■ Action item
Transcribe, with complete accuracy, all of the entries below except for the pictures.

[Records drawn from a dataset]
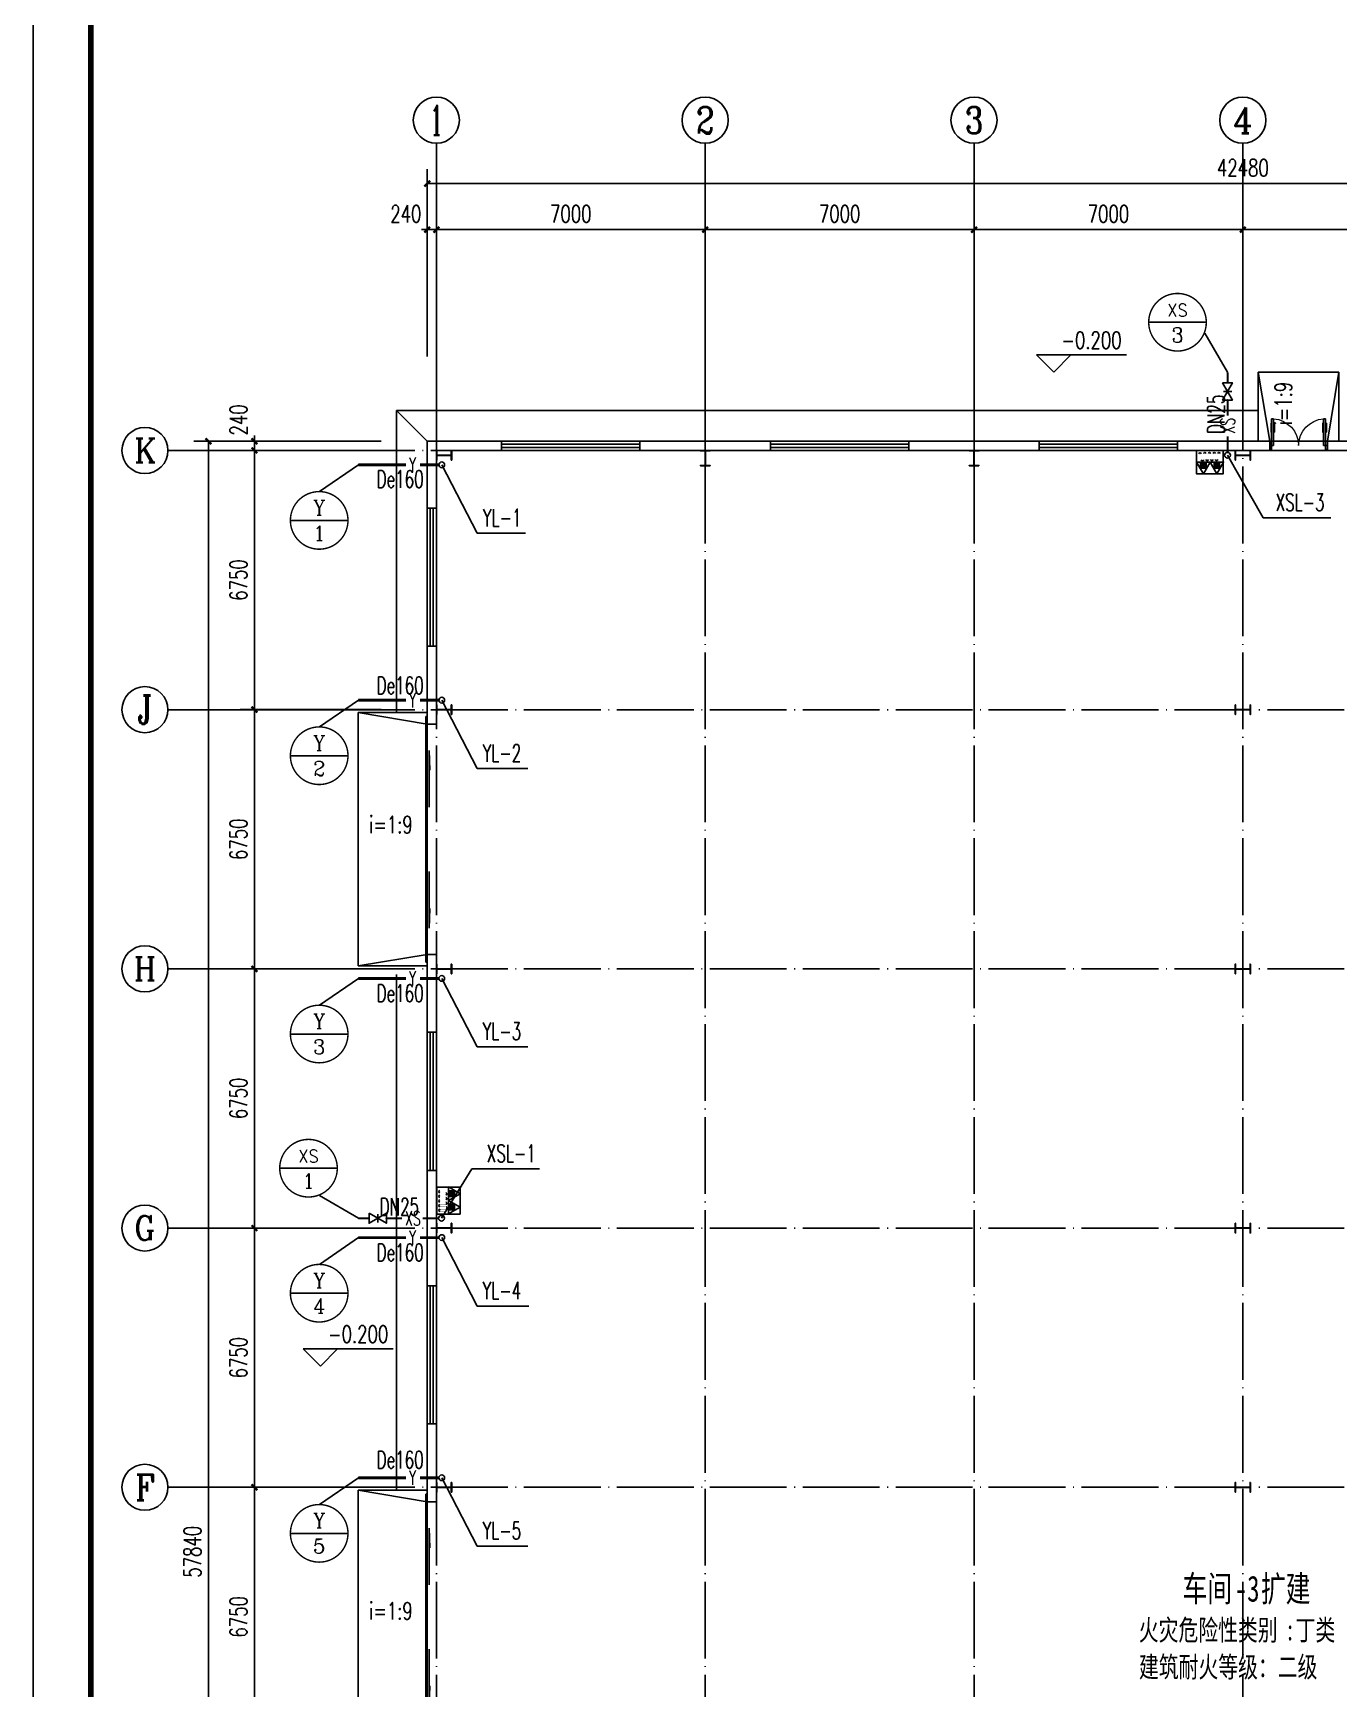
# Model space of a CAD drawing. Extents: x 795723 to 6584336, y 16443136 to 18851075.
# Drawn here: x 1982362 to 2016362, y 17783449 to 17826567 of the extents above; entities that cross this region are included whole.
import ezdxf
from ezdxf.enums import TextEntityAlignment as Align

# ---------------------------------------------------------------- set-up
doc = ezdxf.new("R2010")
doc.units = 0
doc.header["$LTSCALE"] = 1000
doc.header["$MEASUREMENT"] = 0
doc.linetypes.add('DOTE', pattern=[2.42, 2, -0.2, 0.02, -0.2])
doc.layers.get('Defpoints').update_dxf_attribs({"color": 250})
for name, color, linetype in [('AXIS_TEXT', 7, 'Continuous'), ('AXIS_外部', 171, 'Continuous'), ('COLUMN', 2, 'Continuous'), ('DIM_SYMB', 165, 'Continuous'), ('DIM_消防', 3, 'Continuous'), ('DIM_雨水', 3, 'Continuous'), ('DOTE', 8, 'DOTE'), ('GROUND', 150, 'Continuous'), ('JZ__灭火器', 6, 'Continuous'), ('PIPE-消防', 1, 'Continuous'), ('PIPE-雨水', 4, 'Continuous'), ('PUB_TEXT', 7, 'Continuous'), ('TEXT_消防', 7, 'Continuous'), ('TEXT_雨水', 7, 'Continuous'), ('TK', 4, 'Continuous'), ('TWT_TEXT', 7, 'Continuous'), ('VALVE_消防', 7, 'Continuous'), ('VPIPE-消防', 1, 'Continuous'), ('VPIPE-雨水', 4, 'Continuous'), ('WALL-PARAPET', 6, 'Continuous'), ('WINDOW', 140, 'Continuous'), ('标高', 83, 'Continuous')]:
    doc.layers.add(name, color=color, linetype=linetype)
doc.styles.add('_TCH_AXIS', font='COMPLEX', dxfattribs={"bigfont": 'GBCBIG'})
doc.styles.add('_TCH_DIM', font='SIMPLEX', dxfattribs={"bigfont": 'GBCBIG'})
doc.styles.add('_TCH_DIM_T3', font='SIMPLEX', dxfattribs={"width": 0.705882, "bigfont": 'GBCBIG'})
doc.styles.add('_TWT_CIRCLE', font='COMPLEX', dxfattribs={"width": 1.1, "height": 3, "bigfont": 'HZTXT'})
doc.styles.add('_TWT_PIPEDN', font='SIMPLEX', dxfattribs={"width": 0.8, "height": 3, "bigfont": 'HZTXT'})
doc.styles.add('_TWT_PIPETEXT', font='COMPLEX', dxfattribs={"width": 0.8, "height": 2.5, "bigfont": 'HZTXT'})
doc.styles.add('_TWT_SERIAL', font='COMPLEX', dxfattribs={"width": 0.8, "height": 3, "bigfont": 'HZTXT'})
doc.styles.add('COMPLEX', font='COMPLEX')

■ Finished task
# Model space of a CAD drawing. Extents: x 795723 to 6584336, y 16443136 to 18851075.
# Drawn here: x 1982362 to 2016362, y 17783449 to 17826567 of the extents above; entities that cross this region are included whole.
import ezdxf
from ezdxf.enums import TextEntityAlignment as Align

# ---------------------------------------------------------------- set-up
doc = ezdxf.new("R2010")
doc.units = 0
doc.header["$LTSCALE"] = 1000
doc.header["$MEASUREMENT"] = 0
doc.linetypes.add('DOTE', pattern=[2.42, 2, -0.2, 0.02, -0.2])
doc.layers.get('Defpoints').update_dxf_attribs({"color": 250})
for name, color, linetype in [('AXIS_TEXT', 7, 'Continuous'), ('AXIS_外部', 171, 'Continuous'), ('COLUMN', 2, 'Continuous'), ('DIM_SYMB', 165, 'Continuous'), ('DIM_消防', 3, 'Continuous'), ('DIM_雨水', 3, 'Continuous'), ('DOTE', 8, 'DOTE'), ('GROUND', 150, 'Continuous'), ('JZ__灭火器', 6, 'Continuous'), ('PIPE-消防', 1, 'Continuous'), ('PIPE-雨水', 4, 'Continuous'), ('PUB_TEXT', 7, 'Continuous'), ('TEXT_消防', 7, 'Continuous'), ('TEXT_雨水', 7, 'Continuous'), ('TK', 4, 'Continuous'), ('TWT_TEXT', 7, 'Continuous'), ('VALVE_消防', 7, 'Continuous'), ('VPIPE-消防', 1, 'Continuous'), ('VPIPE-雨水', 4, 'Continuous'), ('WALL-PARAPET', 6, 'Continuous'), ('WINDOW', 140, 'Continuous'), ('标高', 83, 'Continuous')]:
    doc.layers.add(name, color=color, linetype=linetype)
doc.styles.add('_TCH_AXIS', font='COMPLEX', dxfattribs={"bigfont": 'GBCBIG'})
doc.styles.add('_TCH_DIM', font='SIMPLEX', dxfattribs={"bigfont": 'GBCBIG'})
doc.styles.add('_TCH_DIM_T3', font='SIMPLEX', dxfattribs={"width": 0.705882, "bigfont": 'GBCBIG'})
doc.styles.add('_TWT_CIRCLE', font='COMPLEX', dxfattribs={"width": 1.1, "height": 3, "bigfont": 'HZTXT'})
doc.styles.add('_TWT_PIPEDN', font='SIMPLEX', dxfattribs={"width": 0.8, "height": 3, "bigfont": 'HZTXT'})
doc.styles.add('_TWT_PIPETEXT', font='COMPLEX', dxfattribs={"width": 0.8, "height": 2.5, "bigfont": 'HZTXT'})
doc.styles.add('_TWT_SERIAL', font='COMPLEX', dxfattribs={"width": 0.8, "height": 3, "bigfont": 'HZTXT'})
doc.styles.add('COMPLEX', font='COMPLEX')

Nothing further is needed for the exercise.